Dissociation in dilute mixtures of shock heated in O2 and HCl in Ar

Abstract

The collision induced dissociation (CID) process in dilute mixtures of shock heated O2Ar and HClAr is investigated. The dissociation is assumed to occur from all vibrational levels. Numerical calculations are presented for the steady state dissociation rate constants at infinite dilution for both the truncated harmonic oscillator (THO) and Morse oscillator (MO) models.
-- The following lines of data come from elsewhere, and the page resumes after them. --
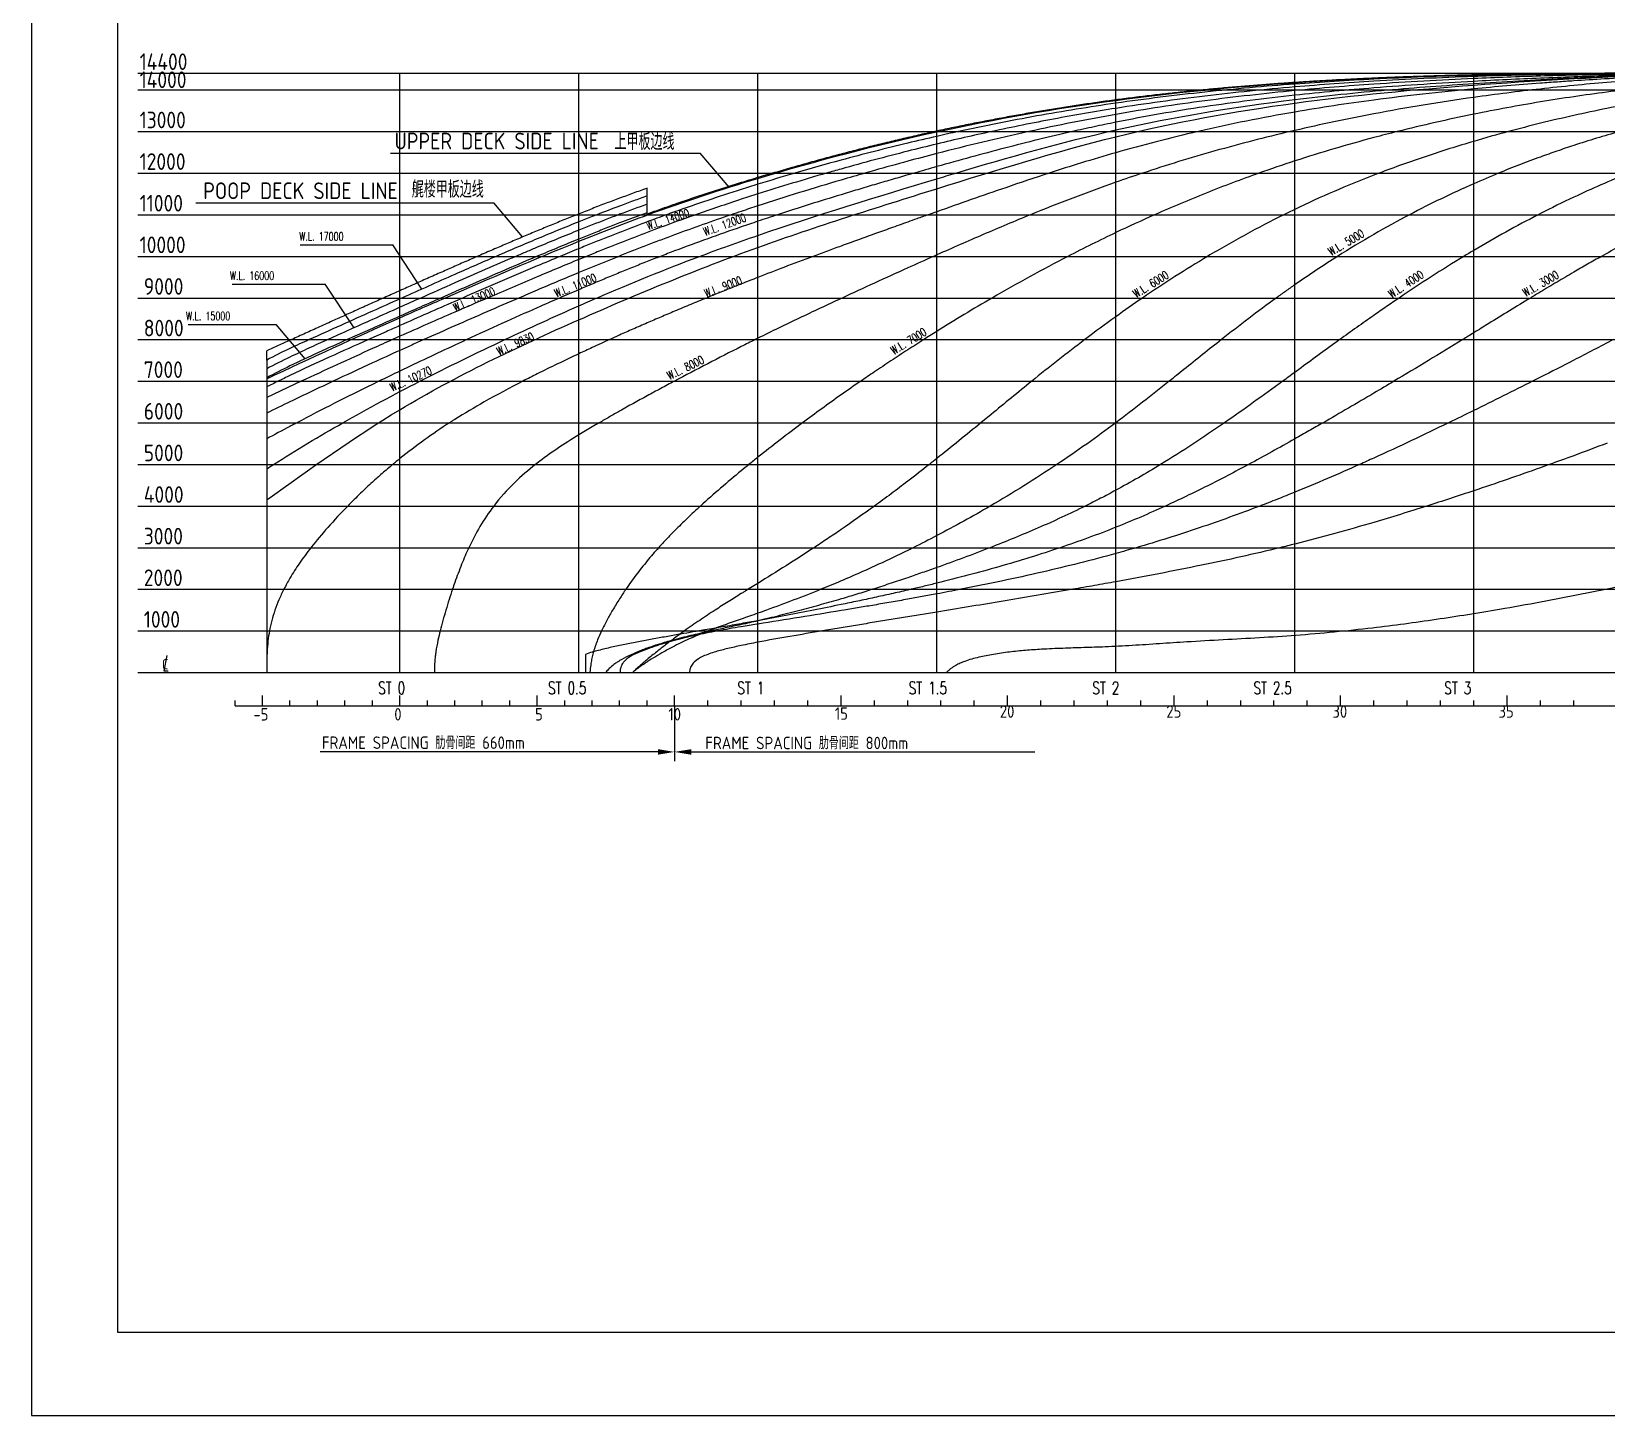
# Model space of a CAD drawing. Extents: x -990827 to -799530, y -79356 to 40656.
# Drawn here: x -990827 to -952989, y -79356 to -46100 of the extents above; entities that cross this region are included whole.
import ezdxf

# ---------------------------------------------------------------- set-up
doc = ezdxf.new("R2010")
doc.units = 0
doc.header["$MEASUREMENT"] = 0
doc.layers.add('grid', color=7, linetype='Continuous')
doc.layers.add('sta', color=7, linetype='Continuous')
doc.styles.add('ROMANS', font='romans.shx', dxfattribs={"width": 0.7, "height": 125})
doc.styles.get("Standard").update_dxf_attribs({"font": 'gbenor.shx', "bigfont": 'gbcbig.shx'})

# ---------------------------------------------------------------- blocks, each defined once
blk = doc.blocks.new('biaochi')
at = {"color": 253}
for p, q in [((-181560, 0), (-181560, 125)), ((-181560, 0), (0, 0)), ((-180900, 0), (-180900, 250)), ((-180240, 0), (-180240, 125)), ((-179580, 0), (-179580, 125)), ((-178920, 0), (-178920, 125)), ((-178260, 0), (-178260, 125)), ((-177600, 0), (-177600, 250)), ((-176940, 0), (-176940, 125)), ((-176280, 0), (-176280, 125)), ((-175620, 0), (-175620, 125)), ((-174960, 0), (-174960, 125)), ((-174300, 0), (-174300, 250)), ((-173640, 0), (-173640, 125)), ((-172980, 0), (-172980, 125)), ((-172320, 0), (-172320, 125)), ((-171660, 0), (-171660, 125)), ((-171000, 0), (-171000, 250)), ((-171000, 0), (-171000, 125)), ((-170200, 0), (-170200, 125)), ((-169400, 0), (-169400, 125)), ((-168600, 0), (-168600, 125)), ((-167800, 0), (-167800, 125)), ((-167000, 0), (-167000, 250)), ((-167000, 0), (-167000, 125)), ((-166200, 0), (-166200, 125)), ((-165400, 0), (-165400, 125)), ((-164600, 0), (-164600, 125)), ((-163800, 0), (-163800, 125)), ((-163000, 0), (-163000, 250)), ((-163000, 0), (-163000, 125)), ((-162200, 0), (-162200, 125)), ((-161400, 0), (-161400, 125)), ((-160600, 0), (-160600, 125)), ((-159800, 0), (-159800, 125)), ((-159000, 0), (-159000, 250)), ((-159000, 0), (-159000, 125)), ((-158200, 0), (-158200, 125)), ((-157400, 0), (-157400, 125)), ((-156600, 0), (-156600, 125)), ((-155800, 0), (-155800, 125)), ((-155000, 0), (-155000, 250)), ((-155000, 0), (-155000, 125)), ((-154200, 0), (-154200, 125)), ((-153400, 0), (-153400, 125)), ((-152600, 0), (-152600, 125)), ((-151800, 0), (-151800, 125)), ((-151000, 0), (-151000, 250)), ((-151000, 0), (-151000, 125)), ((-150200, 0), (-150200, 125)), ((-149400, 0), (-149400, 125)), ((-171000, 0), (-171000, -1332)), ((-171200, -1107), (-179517, -1107)), ((-170800, -1107), (-162347, -1107))]:
    blk.add_line(p, q, dxfattribs=at)
for points in [[(-171400, -1041), (-171400, -1174), (-171000, -1107)], [(-170600, -1041), (-170600, -1174), (-171000, -1107)]]:
    blk.add_solid(points, dxfattribs=at)
at = {"color": 253, "style": 'ROMANS', "width": 0.7}
for s, p in [('ST 0', (-178121, 280)), ('ST 0.5', (-174039, 280)), ('ST 1', (-169492, 280)), ('ST 1.5', (-165374, 280)), ('ST 2', (-160964, 280)), ('ST 2.5', (-157093, 280)), ('ST 3', (-152510, 280))]:
    blk.add_text(s, height=300, dxfattribs=at).set_placement(p)
at = {"color": 253}
for s, p in [('20', (-163186, -286)), ('25', (-159186, -286)), ('30', (-155196, -286)), ('35', (-151206, -286)), ('-5', (-181119, -353)), ('0', (-177734, -353)), ('5', (-174352, -353)), ('10', (-171148, -353)), ('15', (-167150, -336)), ('FRAME SPACING 肋骨间距 660mm', (-179473, -1035)), ('FRAME SPACING 肋骨间距 800mm', (-170262, -1042))]:
    blk.add_text(s, height=300, dxfattribs=at).set_placement(p)

msp = doc.modelspace()

# ---------------------------------------------------------------- linework, layer by layer
for p, q in [((-990827, 4644.3), (-990827, -79355.7)), ((-990827, -79355.7), (-799529.8, -79355.7))]:
    msp.add_line(p, q)
at = {"color": 2}
for p, q in [((-982203.5, -49019.7), (-974762.2, -49019.7)), ((-974067.4, -49842.5), (-974762.2, -49019.7)), ((-986879.3, -50214.6), (-979723.6, -50214.6)), ((-979028.8, -51037.4), (-979723.6, -50214.6))]:
    msp.add_line(p, q, dxfattribs=at)
at = {"color": 1}
for p, q in [((-984373.3, -51228), (-982144.6, -51228)), ((-981449.8, -52290), (-982144.6, -51228)), ((-986008.2, -52172.4), (-983769.6, -52172.4)), ((-983074.8, -53217.6), (-983769.6, -52172.4)), ((-987061.3, -53140.2), (-984949.9, -53140.2)), ((-984255.1, -53963), (-984949.9, -53140.2))]:
    msp.add_line(p, q, dxfattribs=at)
at = {"color": 6}
msp.add_line((-988762.3, -77355.7), (-801529.8, -77355.7), dxfattribs=at)
msp.add_lwpolyline([(-988762.3, 2644.3), (-988762.3, -77355.7)], dxfattribs=at)
at = {"color": 171}
for points in [[(-952644.4, -51246.1, 0.0030313), (-953109.8, -51503.6, 0.0019993), (-953443.8, -51692.8, 0.0017867), (-953777.1, -51884.9, 0.0020316), (-954177.6, -52119.9, 0.0017224), (-954577.1, -52358.4, 0.0009421), (-954817.4, -52503.6, 0.0016093), (-955318.6, -52809.9, 0.0002975), (-955819.1, -53118.5), (-955998.1, -53229, -0.0002404), (-956177.1, -53339.4, -0.0003915), (-956444.1, -53503.6, -0.001455), (-957268.8, -54006.6, -0.0016505), (-958095.3, -54503.6, -0.0009769), (-958577.1, -54789.8, -0.0013145), (-959187.5, -55148.7, -0.0015203), (-959799, -55503.6, -0.0009282), (-960137.8, -55698, -0.0012129), (-960477.1, -55890.7, -0.002286), (-961031.4, -56200.5, -0.003066), (-961587.5, -56503.6, -0.0065093), (-962582, -57021, -0.0094554), (-963586.3, -57503.6, -0.0060482), (-964179.5, -57766.3, -0.0064045), (-964777.1, -58013.3, -0.006988), (-965442, -58267.6, -0.0062722), (-966112.1, -58503.6, -0.0123875), (-967585.6, -58961.6, -0.0089049), (-969077.1, -59356.3, -0.0016195), (-969384.9, -59430.9, -0.0014714), (-969693.3, -59503.6), (-969777.1, -59523, -0.0018594), (-970176.7, -59613.7, -0.0016064), (-970577.1, -59701.7, -0.0014831), (-970976.8, -59787, -0.0011885), (-971377.1, -59870.1, -0.0018079), (-972039.2, -60003.6, -0.0018363), (-972707.4, -60133.2, -0.0020104), (-973377.1, -60257.7, -0.0012371), (-973777.1, -60329.5, -0.0011279), (-974213.1, -60405.5, -0.0002123), (-974649.4, -60480.4), (-974784.8, -60503.6, 0.0003102), (-975081, -60554.5, 0.0007601), (-975377.1, -60606, 0.0009546), (-975707.2, -60664.6, 0.000747), (-976037.1, -60724.4, 0.0016598), (-976367.7, -60785.9, 0.005565), (-976697.1, -60852.1, 0.0066539), (-977011, -60923.3, 0.0081483), (-977322.3, -61003.6, 0.0007169), (-977339.7, -61008.4, 0.0017668), (-977357.1, -61013.3, 0.0193527), (-977521.1, -61067.2), (-977521.1, -61503.6)], [(-952971.5, -55990, -0.0033153), (-953777.1, -56293, -0.0019932), (-954355.7, -56503.6, -0.0007407), (-954577.1, -56582.8, -0.00253), (-955373.9, -56862.1, -0.0022949), (-956177.1, -57134.9, -0.0016427), (-956739.2, -57321, -0.0019967), (-957304.9, -57503.6, -0.0024376), (-957938.1, -57701.8, -0.0028929), (-958577.1, -57894.4, -0.004613), (-959519, -58163, -0.005464), (-960477.1, -58415.4, -0.0020493), (-960833.7, -58503.6, -0.0093146), (-962718.5, -58924.7, -0.0055008), (-964777.1, -59321, -0.00104), (-965291.6, -59413.1, -0.0007983), (-965807.9, -59503.6, -0.0017921), (-967297.8, -59756.7, -0.0005822), (-968794, -60003.6), (-969077.1, -60049.9), (-969777.1, -60164.5, 0.0002642), (-970177.2, -60230.1, 0.0003333), (-970577.1, -60296, 0.000281), (-970977.2, -60362.3, 0.000255), (-971377.1, -60428.9), (-971824.7, -60503.6, 0.0009534), (-972604.9, -60635.4, 0.0049299), (-973377.1, -60775.1, 0.0017983), (-973577.9, -60814.2, 0.0028), (-973777.1, -60854.9, 0.0065107), (-974097.6, -60926.7, 0.0123388), (-974389.1, -61003.6, 0.0307228), (-974693.5, -61112.6, 0.0904645), (-974905.9, -61253.6, 0.0314895), (-974948, -61299.5, 0.0951668), (-975003.3, -61403.6, 0.0346704), (-975014.1, -61449.7, 0.0278786), (-975019.8, -61503.6)]]:
    msp.add_lwpolyline(points, format="xyb", dxfattribs=at)
at = {"color": 3}
msp.add_lwpolyline([(-951623.1, -59208.8, -0.0056865), (-953586.3, -59622.2, -0.0065273), (-955558.6, -59987.5, -0.0059593), (-957081.1, -60230.5, -0.0072144), (-958609.5, -60433.3, -0.0049821), (-959530.1, -60532.4, -0.0055335), (-960452.4, -60612.2, -0.0040148), (-961325.4, -60669.9, -0.0010593), (-962199.1, -60718.7, 0.0018911), (-963072.7, -60769, 0.0010871), (-963727.1, -60811.9, -0.0017319), (-964381.5, -60853.9, -0.0045614), (-965036.1, -60887.7, -0.0026596), (-965543.9, -60905.4, 0.0012806), (-966051.8, -60921.7, 0.0052087), (-966559.7, -60944.7, 0.0067853), (-966947.8, -60971.7, 0.00942), (-967334.5, -61011.2, 0.0120798), (-967719, -61067.3, 0.0150472), (-968065.9, -61136.9, 0.0119037), (-968238.4, -61181.3, 0.0177485), (-968407.9, -61235.9, 0.0164968), (-968515.9, -61279, 0.0226711), (-968620.1, -61330.3, 0.0372389), (-968741.6, -61409.3, 0.0159538), (-968797.3, -61455.2, 0.005299), (-968851, -61503.6)], format="xyb", dxfattribs=at)
at = {"layer": 'grid', "color": 171}
msp.add_line((-985177.1, -53993.7), (-985177.1, -53772.1), dxfattribs=at)
at = {"layer": 'grid', "color": 253}
for p, q in [((-987577.2, -61091.4), (-987647.3, -61462.7)), ((-987647.3, -61462.7), (-987542.1, -61462.7))]:
    msp.add_line(p, q, dxfattribs=at)
at = {"layer": 'grid', "color": 251}
for points in [[(-988270.3, -47103.6), (-804145.3, -47103.6)], [(-981977.1, -61503.6), (-981977.1, -47103.6)], [(-977677.1, -61503.6), (-977677.1, -47103.6)], [(-973377.1, -61503.6), (-973377.1, -47103.6)], [(-969077.1, -61503.6), (-969077.1, -47103.6)], [(-964777.1, -61503.6), (-964777.1, -47103.6)], [(-960477.1, -61503.6), (-960477.1, -47103.6)], [(-956177.1, -61503.6), (-956177.1, -47103.6)], [(-988270.3, -47503.6), (-804145.3, -47503.6)], [(-988270.3, -47503.6), (-804145.3, -47503.6)], [(-988270.3, -47503.6), (-804145.3, -47503.6)], [(-988270.3, -48503.6), (-804145.3, -48503.6)], [(-988270.3, -48503.6), (-804145.3, -48503.6)], [(-988270.3, -48503.6), (-804145.3, -48503.6)], [(-988270.3, -49503.6), (-804145.3, -49503.6)], [(-988270.3, -49503.6), (-804145.3, -49503.6)], [(-988270.3, -49503.6), (-804145.3, -49503.6)], [(-988270.3, -50503.6), (-804145.3, -50503.6)], [(-988270.3, -50503.6), (-804145.3, -50503.6)], [(-988270.3, -50503.6), (-804145.3, -50503.6)], [(-988270.3, -51503.6), (-804145.3, -51503.6)], [(-981977.1, -51503.6), (-804145.3, -51503.6)], [(-981977.1, -51503.6), (-804145.3, -51503.6)], [(-988270.3, -52503.6), (-804145.3, -52503.6)], [(-981977.1, -52503.6), (-804145.3, -52503.6)], [(-981977.1, -52503.6), (-804145.3, -52503.6)], [(-988270.3, -53503.6), (-804145.3, -53503.6)], [(-988270.3, -53503.6), (-807827.1, -53503.6)], [(-988270.3, -53503.6), (-807827.1, -53503.6)], [(-988270.3, -54503.6), (-804145.3, -54503.6)], [(-988270.3, -54503.6), (-807827.1, -54503.6)], [(-988270.3, -54503.6), (-807827.1, -54503.6)], [(-988270.3, -55503.6), (-804145.3, -55503.6)], [(-988270.3, -55503.6), (-807827.1, -55503.6)], [(-988270.3, -55503.6), (-807827.1, -55503.6)], [(-988270.3, -56503.6), (-804145.3, -56503.6)], [(-988270.3, -56503.6), (-807827.1, -56503.6)], [(-988270.3, -56503.6), (-807827.1, -56503.6)], [(-988270.3, -57503.6), (-804145.3, -57503.6)], [(-988270.3, -57503.6), (-807827.1, -57503.6)], [(-988270.3, -57503.6), (-807827.1, -57503.6)], [(-988270.3, -58503.6), (-804145.3, -58503.6)], [(-988270.3, -58503.6), (-807827.1, -58503.6)], [(-988270.3, -58503.6), (-807827.1, -58503.6)], [(-988270.3, -59503.6), (-804145.3, -59503.6)], [(-988270.3, -59503.6), (-807827.1, -59503.6)], [(-988270.3, -59503.6), (-807827.1, -59503.6)], [(-988270.3, -60503.6), (-804145.3, -60503.6)], [(-988270.3, -60503.6), (-807827.1, -60503.6)], [(-988270.3, -60503.6), (-807827.1, -60503.6)], [(-988270.3, -61503.6), (-804145.3, -61503.6)]]:
    msp.add_lwpolyline(points, dxfattribs=at)
at = {"layer": 'grid', "color": 171}
for points in [[(-952177.1, -47132.3, 0.000477), (-952977.3, -47160.1, 0.0007681), (-953777.1, -47189.8, 0.0009851), (-954577.1, -47222.2, 0.0012058), (-955377.6, -47258.3, 0.0015572), (-956177.1, -47298.7, 0.002712), (-957379, -47369.9, 0.0036342), (-958577.1, -47456, 0.0032253), (-959528.7, -47537.6, 0.0038368), (-960477.1, -47632.4, 0.0098698), (-962639.1, -47908.5, 0.0128108), (-964777.1, -48280.8, 0.0032671), (-965298.3, -48388.9, 0.0030542), (-965817.9, -48503.6, 0.0085083), (-967452.8, -48904.3, 0.0045702), (-969077.1, -49347.7, 0.0005992), (-969350.4, -49425.4, 0.0004945), (-969623.6, -49503.6), (-969777.1, -49547.8, 0.0007354), (-970177.2, -49663.9, 0.0008885), (-970577.1, -49781.3, 0.0009747), (-970977.3, -49900.5, 0.001127), (-971377.1, -50021.4, 0.0023333), (-972142.1, -50258.4, 0.0028505), (-972905.2, -50503.6, 0.001902), (-973377.1, -50660.1, 0.0017062), (-973777.1, -50796.1, 0.0036359), (-974578.7, -51078, 0.0041735), (-975377.1, -51373, 0.0018864), (-975717.8, -51503.6, 0.0017378), (-976037.1, -51628.7, 0.001663), (-976367.3, -51760.6, 0.0013985), (-976697.1, -51894.6, 0.0012966), (-977027.3, -52030.9, 0.0011501), (-977357.1, -52169, 0.0010793), (-977677.1, -52304.6, 0.0014866), (-978140, -52503.6, 0.0016285), (-978677.1, -52738.4, 0.002387), (-979524.4, -53117, 0.0019768), (-980369.7, -53503.6, 0.0006258), (-980657.1, -53636.8, 0.0014002), (-981317.6, -53946.3, 0.0016455), (-981977.1, -54260.1, 0.0014244), (-982480.7, -54503.6), (-982637.1, -54579.9, 0.0034315), (-983548.4, -55033.8, 0.0044231), (-984455.6, -55503.6, 0.0003755), (-984536.4, -55546.4, 0.000129), (-984617.1, -55589.3, 0.0005261), (-985177.1, -55887.8), (-985177.1, -61503.6)], [(-952177.1, -47192.8, 0.0014893), (-953035.2, -47240.8, 0.0017293), (-953777.1, -47287.2, 0.0010919), (-954164.3, -47313.5, 0.0010224), (-954577.1, -47343.4, 0.0023759), (-955386.7, -47407.5, 0.0024337), (-956177.1, -47477.8, 0.0045923), (-957400.6, -47603.9, 0.0047652), (-958577.1, -47747.5, 0.0048532), (-959538.4, -47883.6, 0.0049549), (-960477.1, -48035.4, 0.0071311), (-961640.7, -48252.5, 0.0071004), (-962802.4, -48503.6, 0.0063922), (-963803.9, -48748.5, 0.0065357), (-964777.1, -49013.4, 0.0045174), (-965605.5, -49258.7, 0.0048022), (-966379.4, -49503.6, 0.0036954), (-967419.9, -49852.4, 0.0023038), (-969077.1, -50430.1), (-969284.1, -50503.6, 0.0001626), (-969555.8, -50600.1, 0.0000955), (-969777.1, -50678.9, 0.0003938), (-970192.4, -50827.3, 0.0004018), (-970577.1, -50965.4, 0.0006394), (-970984.4, -51112.6, 0.0006688), (-971377.1, -51255.7, 0.0007295), (-971706.2, -51376.7, 0.0007279), (-972048.3, -51503.6, 0.001786), (-972749.1, -51767.5, 0.0019814), (-973377.1, -52009.4, 0.0006991), (-973571.1, -52085.3, 0.0006711), (-973777.1, -52166.6, 0.0014389), (-974202.3, -52336.4, 0.0014798), (-974613.7, -52503.6, 0.0013818), (-974989.3, -52658.7, 0.0013237), (-975377.1, -52821.3, 0.0011763), (-975708.8, -52962.3, 0.0011762), (-976037.1, -53103.7, 0.0014054), (-976379, -53253.1, 0.0015137), (-976697.1, -53394.3, 0.000564), (-976815.7, -53447.6, 0.0005715), (-976939.7, -53503.6, 0.0008918), (-977145.1, -53597.1, 0.0008676), (-977357.1, -53694.5, 0.000717), (-977519.4, -53769.7, 0.0007692), (-977677.1, -53843.4, 0.0029881), (-978192.9, -54088.9, 0.0031647), (-978677.1, -54326.8, 0.0014987), (-978844.2, -54410.9, 0.0013764), (-979026, -54503.6, 0.0095388), (-979951.1, -55001.2, 0.0121972), (-980657.1, -55421.5, 0.0014694), (-980718.5, -55460.4, 0.001329), (-980785.9, -55503.6, 0.0132474), (-981385.3, -55912.8, 0.0129181), (-981977.1, -56363.9, 0.0018798), (-982062.5, -56433.1, 0.0018628), (-982148.1, -56503.6, 0.0056973), (-982402.6, -56719.5, 0.006056), (-982637.1, -56928.1, 0.0075842), (-982921.2, -57195.1, 0.0067624), (-983231.2, -57503.6, 0.0127926), (-983708.3, -58017, 0.0141564), (-984113.7, -58503.6, 0.0155407), (-984389.8, -58878, 0.0171651), (-984617.1, -59232.6, 0.0087053), (-984690.9, -59361.9, 0.0081014), (-984765.4, -59503.6, 0.0166624), (-984881.9, -59754.1, 0.0172202), (-984977.9, -60003.6, 0.0186638), (-985054.8, -60256.1, 0.0194361), (-985110, -60503.6, 0.016952), (-985145.8, -60746.2, 0.0160957), (-985166.6, -61003.6, 0.0042464), (-985170.8, -61110.4, 0.003172), (-985174.4, -61253.6, 0.0019887), (-985176.5, -61394.8, 0.0025763), (-985177.1, -61503.6)], [(-952177.1, -47104.6, 0.0017072), (-952977.6, -47111.1, 0.0012458), (-953777.1, -47122.4, 0.0012584), (-954577.1, -47137.7, 0.001461), (-955377.7, -47157.4, 0.0017951), (-956177.1, -47182.2, 0.0029498), (-957378.8, -47231.1, 0.0034432), (-958577.1, -47295.1, 0.0029266), (-959528.4, -47358.1, 0.0032619), (-960477.1, -47432.7, 0.008073), (-962635.5, -47651.8, 0.0098034), (-964777.1, -47946.9, 0.0071068), (-966272.3, -48204.7, 0.0067502), (-967758.4, -48503.6, 0.0059058), (-969077.1, -48803.7, 0.0030719), (-969777.1, -48976.4, 0.0033499), (-970577.1, -49184.6, 0.0032578), (-971377.1, -49404.1, 0.0014208), (-971726.7, -49503.6, 0.0034431), (-972553.2, -49747.5, 0.0037139), (-973377.1, -50003.4, 0.0018696), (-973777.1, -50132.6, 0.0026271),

The effect of vibration-vibration (V-V) energy transfer processes on the dissociation is also investigated by calculating the steady state rate constants as a function of composition up to 20% of the diatom in these mixtures at 3500 K, 5000 K and 8500 K. The vibration-translation (V-T) energy transfer probabilities are obtained using SSH theory in the case of O2 and Moore’s theory in the case of HCl, and the V-V energy transfer probabilities are obtained using SSH theory in both the cases. The “vibrational bias” parameter λ, characterizing the CID probability, has been varied to fit the experimental data. The study shows that the effect of V-V transitions is dependent on the extent of depletion and the relative magnitudes of the V-V and V-T transition rates. Thus there is no effect on the rate in O2Ar while the rate is enhanced at 3500 K and 5000 K in HClAr mixtures.